The Observer Effect in Quantum Physics establishes that the very act of looking at a very small particle influences its behavior. Hence, generating perfect data becomes impossible, as it is not known whether the show is the same in solitary rehearsal or under the attentive scrutiny of the audience.
This was one of the challenges that a group of students set out to solve when doing the project “Analysis of sentiment based on Twitter posts and their interrelation with the price of crypto-assets”.
The study was entered in a competition organized by Fundação Getúlio Vargas and placed third. The team was formed by Felipe Gabriel (UFSC), Guilherme Terriaga (UMC), Matheus Konstantinidis (UFSC), Pedro H. Anjos (UFSC) and Vinícius Custódio (UDESC).
The objective was to understand the correlation: does the price of bitcoin go up or down because of tweets, or are the tweets made by the fact that prices fluctuate?
“In extracting data, our premise was: the market is made by people, people are impacted by feelings; feelings affect the market in any way? So we chose Twitter to ‘mine’ these ontologies that represent something, based on the principle that every sentence has a meaning and is an expression of something, in this case, feelings”, says Guilherme Terriaga, a student at UMC in an interview with Portal of Bitcoin.

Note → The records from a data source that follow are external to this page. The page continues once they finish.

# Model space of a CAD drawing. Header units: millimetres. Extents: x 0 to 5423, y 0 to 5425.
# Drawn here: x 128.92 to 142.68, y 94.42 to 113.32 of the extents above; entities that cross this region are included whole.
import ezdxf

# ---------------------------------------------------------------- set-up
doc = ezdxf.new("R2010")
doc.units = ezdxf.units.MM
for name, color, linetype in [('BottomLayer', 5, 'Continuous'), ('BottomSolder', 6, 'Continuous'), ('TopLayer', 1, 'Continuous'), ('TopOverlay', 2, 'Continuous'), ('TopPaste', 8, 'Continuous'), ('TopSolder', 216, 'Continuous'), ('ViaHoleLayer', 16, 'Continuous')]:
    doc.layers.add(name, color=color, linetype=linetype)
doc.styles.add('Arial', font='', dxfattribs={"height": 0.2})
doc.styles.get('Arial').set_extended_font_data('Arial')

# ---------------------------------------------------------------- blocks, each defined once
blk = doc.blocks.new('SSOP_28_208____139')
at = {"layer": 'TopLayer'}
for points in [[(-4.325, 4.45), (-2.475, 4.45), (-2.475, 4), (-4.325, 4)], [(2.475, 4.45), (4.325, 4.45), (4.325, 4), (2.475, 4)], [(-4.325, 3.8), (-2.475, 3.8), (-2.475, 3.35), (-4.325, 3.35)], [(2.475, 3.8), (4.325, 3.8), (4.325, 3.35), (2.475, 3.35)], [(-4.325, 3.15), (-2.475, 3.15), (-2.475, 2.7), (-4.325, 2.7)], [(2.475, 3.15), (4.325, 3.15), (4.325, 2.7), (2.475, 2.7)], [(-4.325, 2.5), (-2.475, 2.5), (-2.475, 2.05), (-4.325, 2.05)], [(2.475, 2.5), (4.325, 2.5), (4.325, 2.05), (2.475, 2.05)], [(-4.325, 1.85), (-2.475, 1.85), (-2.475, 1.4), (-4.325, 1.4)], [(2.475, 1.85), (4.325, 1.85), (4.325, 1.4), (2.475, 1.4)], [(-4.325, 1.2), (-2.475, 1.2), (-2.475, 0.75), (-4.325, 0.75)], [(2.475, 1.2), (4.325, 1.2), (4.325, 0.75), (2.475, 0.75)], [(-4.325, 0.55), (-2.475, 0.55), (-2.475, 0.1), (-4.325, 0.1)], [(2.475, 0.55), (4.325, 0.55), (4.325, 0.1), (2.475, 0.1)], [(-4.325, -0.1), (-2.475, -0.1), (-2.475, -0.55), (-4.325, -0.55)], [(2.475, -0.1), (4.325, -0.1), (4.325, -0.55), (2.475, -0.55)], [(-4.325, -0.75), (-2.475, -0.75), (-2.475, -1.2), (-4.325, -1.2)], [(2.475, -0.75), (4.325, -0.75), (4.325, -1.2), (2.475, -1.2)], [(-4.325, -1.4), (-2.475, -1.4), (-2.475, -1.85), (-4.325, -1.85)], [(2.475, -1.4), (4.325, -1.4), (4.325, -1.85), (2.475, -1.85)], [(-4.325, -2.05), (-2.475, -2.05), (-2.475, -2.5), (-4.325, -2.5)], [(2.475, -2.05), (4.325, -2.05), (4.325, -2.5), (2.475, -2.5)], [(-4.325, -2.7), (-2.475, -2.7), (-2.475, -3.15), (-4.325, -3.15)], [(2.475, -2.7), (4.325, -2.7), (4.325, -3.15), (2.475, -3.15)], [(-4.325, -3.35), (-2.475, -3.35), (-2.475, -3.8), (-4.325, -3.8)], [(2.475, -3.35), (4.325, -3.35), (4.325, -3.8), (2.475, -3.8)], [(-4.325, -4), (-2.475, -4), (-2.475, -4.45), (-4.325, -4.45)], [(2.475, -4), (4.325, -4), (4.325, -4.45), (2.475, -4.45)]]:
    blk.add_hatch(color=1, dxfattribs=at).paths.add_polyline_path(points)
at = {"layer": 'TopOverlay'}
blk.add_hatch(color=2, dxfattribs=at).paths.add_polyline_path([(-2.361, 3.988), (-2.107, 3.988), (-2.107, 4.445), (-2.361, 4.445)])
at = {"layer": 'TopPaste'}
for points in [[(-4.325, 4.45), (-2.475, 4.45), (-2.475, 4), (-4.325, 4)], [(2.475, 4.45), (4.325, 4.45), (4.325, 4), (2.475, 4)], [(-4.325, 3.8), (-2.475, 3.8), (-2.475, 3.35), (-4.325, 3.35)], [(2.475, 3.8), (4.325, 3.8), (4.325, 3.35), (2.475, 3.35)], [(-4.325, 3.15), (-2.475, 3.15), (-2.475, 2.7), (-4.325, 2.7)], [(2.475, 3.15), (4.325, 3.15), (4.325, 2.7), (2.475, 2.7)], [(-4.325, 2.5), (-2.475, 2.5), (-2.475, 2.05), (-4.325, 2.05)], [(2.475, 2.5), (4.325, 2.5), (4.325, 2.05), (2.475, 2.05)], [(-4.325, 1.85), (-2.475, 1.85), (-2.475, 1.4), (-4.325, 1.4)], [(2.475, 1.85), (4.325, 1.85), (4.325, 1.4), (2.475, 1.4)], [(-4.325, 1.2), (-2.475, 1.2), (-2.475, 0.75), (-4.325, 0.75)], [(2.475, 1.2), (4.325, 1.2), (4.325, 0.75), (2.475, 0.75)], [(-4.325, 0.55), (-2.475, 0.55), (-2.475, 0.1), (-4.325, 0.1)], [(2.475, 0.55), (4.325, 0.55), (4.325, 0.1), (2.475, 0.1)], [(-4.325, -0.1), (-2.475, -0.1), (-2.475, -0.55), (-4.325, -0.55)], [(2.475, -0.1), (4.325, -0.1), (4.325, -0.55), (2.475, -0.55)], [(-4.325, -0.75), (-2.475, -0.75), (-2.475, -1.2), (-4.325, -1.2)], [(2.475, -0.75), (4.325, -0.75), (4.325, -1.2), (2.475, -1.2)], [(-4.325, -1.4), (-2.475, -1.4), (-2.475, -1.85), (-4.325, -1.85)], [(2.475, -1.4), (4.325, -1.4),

Leaving the theoretical field and going to the practical, Terriaga explains that the group used a technique called web scraping to capture the tweets and an API of the social network itself to collect some data regarding the volume of publications.
“So in web scraping, doing a search for ‘Bitcoin’ and ‘BTC’, in English tweets, we generate a dataset and process it, making the data more cooked for analysis,” he said.
The feelings of each tweet
The part of data processing after collection was explained by Felipe Gabriel, from the Federal University of Santa Catarina. The student says that the group assigned a sentiment score to each tweet.
This sentiment score was given by a parameter named polarity, which is provided by a python module called TextBlob.
“We did this for all the tweets on a given day and averaged the comments, retweets and likes of those sentiment scores for the day, to account for the ‘impact’ of the tweet shall we say. Then, after that, we aggregate these weighted averages into a sum and treat it as a single indicator, then correlating it with the price to try to validate it”, says Gabriel.
But was there any correlation?
“Yes, we got a correlation of .77 [ de um indicador que vai até 1] in the last four years so far. It was very expressive, however, in long moments of market lateralization, it drops, making the market more ‘rational’, as social networks are less busy – this is our hypothesis”.
The Egg and the Chicken
But how to know which came first, the egg or the chicken, or even, for those who are older, if the cookie is “fresh because it sells more or sells more because it is fresh”.
“We did some correlation tests on moving windows, however the judges recommended us, to avoid the so-called ‘spurious regression’, to use some statistical tests such as the Durbin-Watson, which serves to see if it was not just coincidence that the results give so right. In addition, we sought to see if the conclusions of the analyzes are maintained if we observe the series that are more time-displaced, that is, to see if the value of our indicator in the previous week still had an impact on the price”, says Gabriel.
The result of the group work is software that is currently only for academic use by them, but plans to release a version for commercial purposes.